Learning neural implicit fields of 3D shapes is a rapidly emerging field that enables shape representation at arbitrary resolutions. Due to the flexibility, neural implicit fields have succeeded in many research areas, including shape reconstruction, novel view image synthesis, and more recently, object pose estimation. Neural implicit fields enable learning dense correspondences between the camera space and the object's canonical space-including unobserved regions in camera space-significantly boosting object pose estimation performance in challenging scenarios like highly occluded objects and novel shapes. Despite progress, predicting canonical coordinates for unobserved camera-space regions remains challenging due to the lack of direct observational signals. This necessitates heavy reliance on the model's generalization ability, resulting in high uncertainty. Consequently, densely sampling points across the entire camera space may yield inaccurate estimations that hinder the learning process and compromise performance. To alleviate this problem, we propose a method combining an SO(3)-equivariant convolutional implicit network and a positive-incentive point sampling (PIPS) strategy. The SO(3)-equivariant convolutional implicit network estimates point-level attributes with SO(3)-equivariance at arbitrary query locations, demonstrating superior performance compared to most existing baselines. The PIPS strategy dynamically determines sampling locations based on the input, thereby boosting the network's accuracy and training efficiency. Our method outperforms the state-of-the-art on three pose estimation datasets. Notably, it demonstrates significant improvements in challenging scenarios, such as objects captured with unseen pose, high occlusion, novel geometry, and severe noise.

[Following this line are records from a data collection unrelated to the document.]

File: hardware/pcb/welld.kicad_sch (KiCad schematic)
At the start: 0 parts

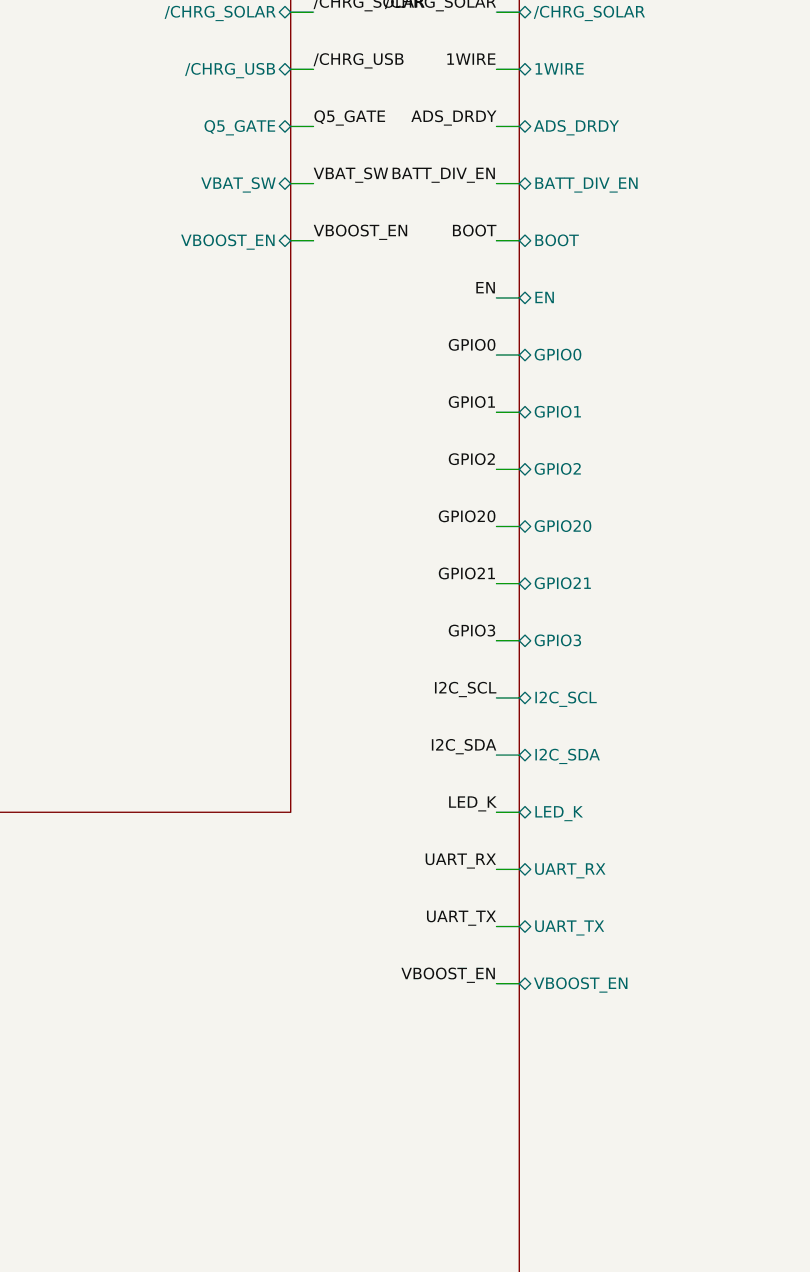
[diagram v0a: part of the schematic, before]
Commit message: hw+fw: wire USB-C to native USB (console/programming); DRDY→GPIO22, reset→GPIO23
User-approved enhancement: the USB-C data lines (previously dead-ended at
the U11 USBLC6 ESD clamp — power-only port) now route through to the ESP32
native USB pins, so the same USB-C used for charging also gives serial
console + programming + USB-DFU.

Schematic:
- USB_DM: U11.6 (I/O1', device side) -> ESP32 GPIO12 (USB D-)
- USB_DP: U11.4 (I/O2', device side) -> ESP32 GPIO13 (USB D+)
  (USBLC6 pins 1&6 = I/O1 net, 3&4 = I/O2 net; device-side pins were NC)
- Added GPIO22/GPIO23 pins to the ESP32 lib symbol (all 4 sheet caches).
- ADS_DRDY moved GPIO12 -> GPIO22, FACTORY_RESET GPIO13 -> GPIO23 (both
  clean pins: no strap, no USB, no JTAG). U11.4/U11.6 removed from NC.
- netlist_check: 393 pins / 75 nets / 10 NC / zero mismatches.

Firmware: WELLD_ADS1115_DRDY_GPIO 12->22, WELLD_FACTORY_RESET_GPIO 13->23
(ranges 0..23), sdkconfig, stub, source comments; PROJECT_VER -> 1.1.3.
Docs: net->pin table (enhancement now APPLIED), CLAUDE/README GPIO tables +
Kconfig tables + USB-C description, schematic_connections USB/DRDY/reset
sections + NC list, firmware-engineer agent brief, CHANGELOG. Host + z2m
tests green.

Co-Authored-By: Claude Opus 4.8 <noreply@anthropic.com>
Claude-Session: https://claude.ai/code/session_01VtMFY5Q94iYbsNPpLcPJyK
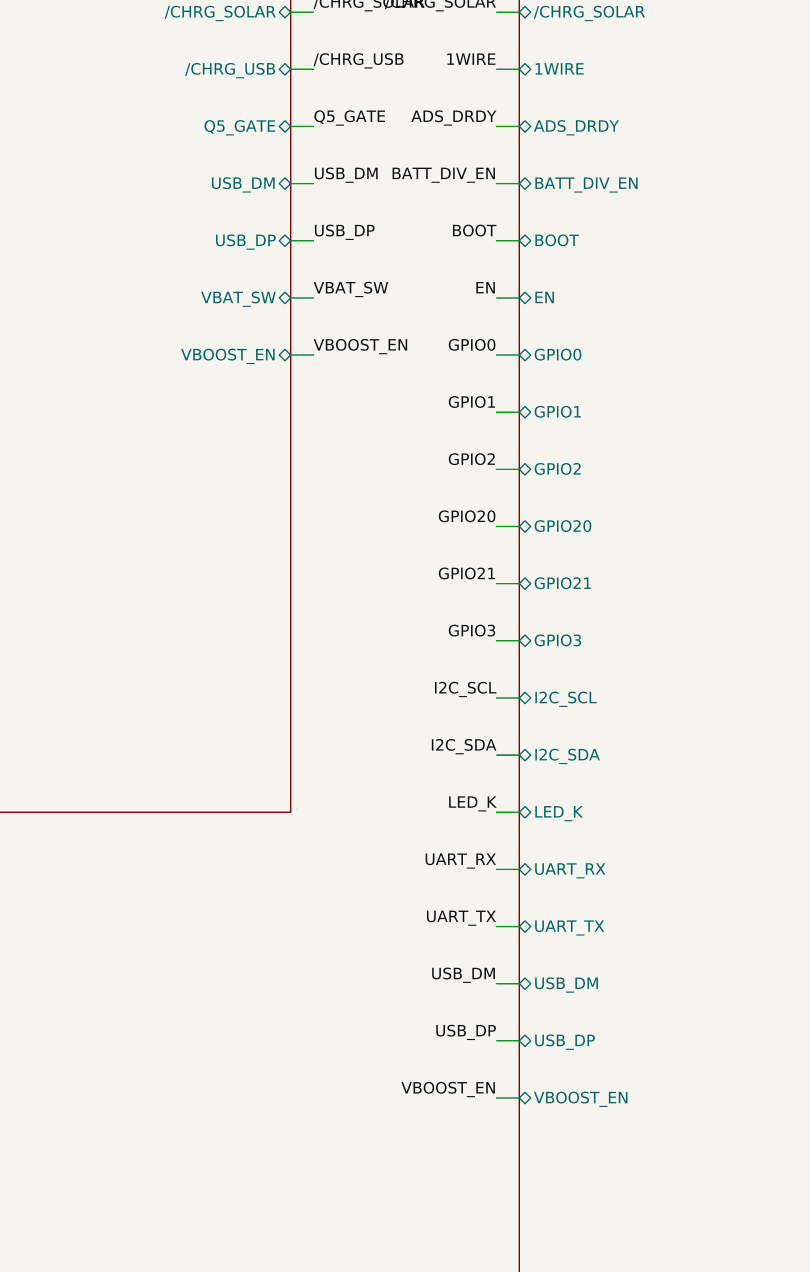
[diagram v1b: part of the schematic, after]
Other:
- sheet mcu ports: added USB_DM, USB_DP; removed none
- sheet power ports: added USB_DM, USB_DP; removed none

翻译：学习三维形状的神经隐式场是一个快速兴起的领域，它能够实现任意分辨率下的形状表示。凭借其灵活性，神经隐式场已在许多研究领域取得成功，包括形状重建、新视角图像合成，以及最近的物体姿态估计。神经隐式场能够学习相机空间与物体规范空间之间的密集对应关系——包括相机空间中未观测到的区域——从而在极具挑战性的场景（如高度遮挡的物体和未见过的形状）中显著提升物体姿态估计的性能。尽管取得了进展，但由于缺乏直接的观测信号，为相机空间中未观测区域预测规范坐标仍然具有挑战性。这导致模型严重依赖其泛化能力，从而产生高度的不确定性。因此，在整个相机空间密集采样点可能会产生不准确的估计，从而阻碍学习过程并损害性能。为了缓解这个问题，我们提出了一种结合SO(3)-等变卷积隐式网络和正向激励点采样策略的方法。SO(3)-等变卷积隐式网络能够在任意查询位置以SO(3)-等变性估计点级属性，与大多数现有基线相比表现出更优越的性能。PIPS策略根据输入动态确定采样位置，从而提升了网络的准确性和训练效率。我们的方法在三个姿态估计数据集上超越了现有技术水平。值得注意的是，它在极具挑战性的场景中表现出显著的改进，例如以未见过的姿态、高度遮挡、新几何形状和严重噪声捕获的物体。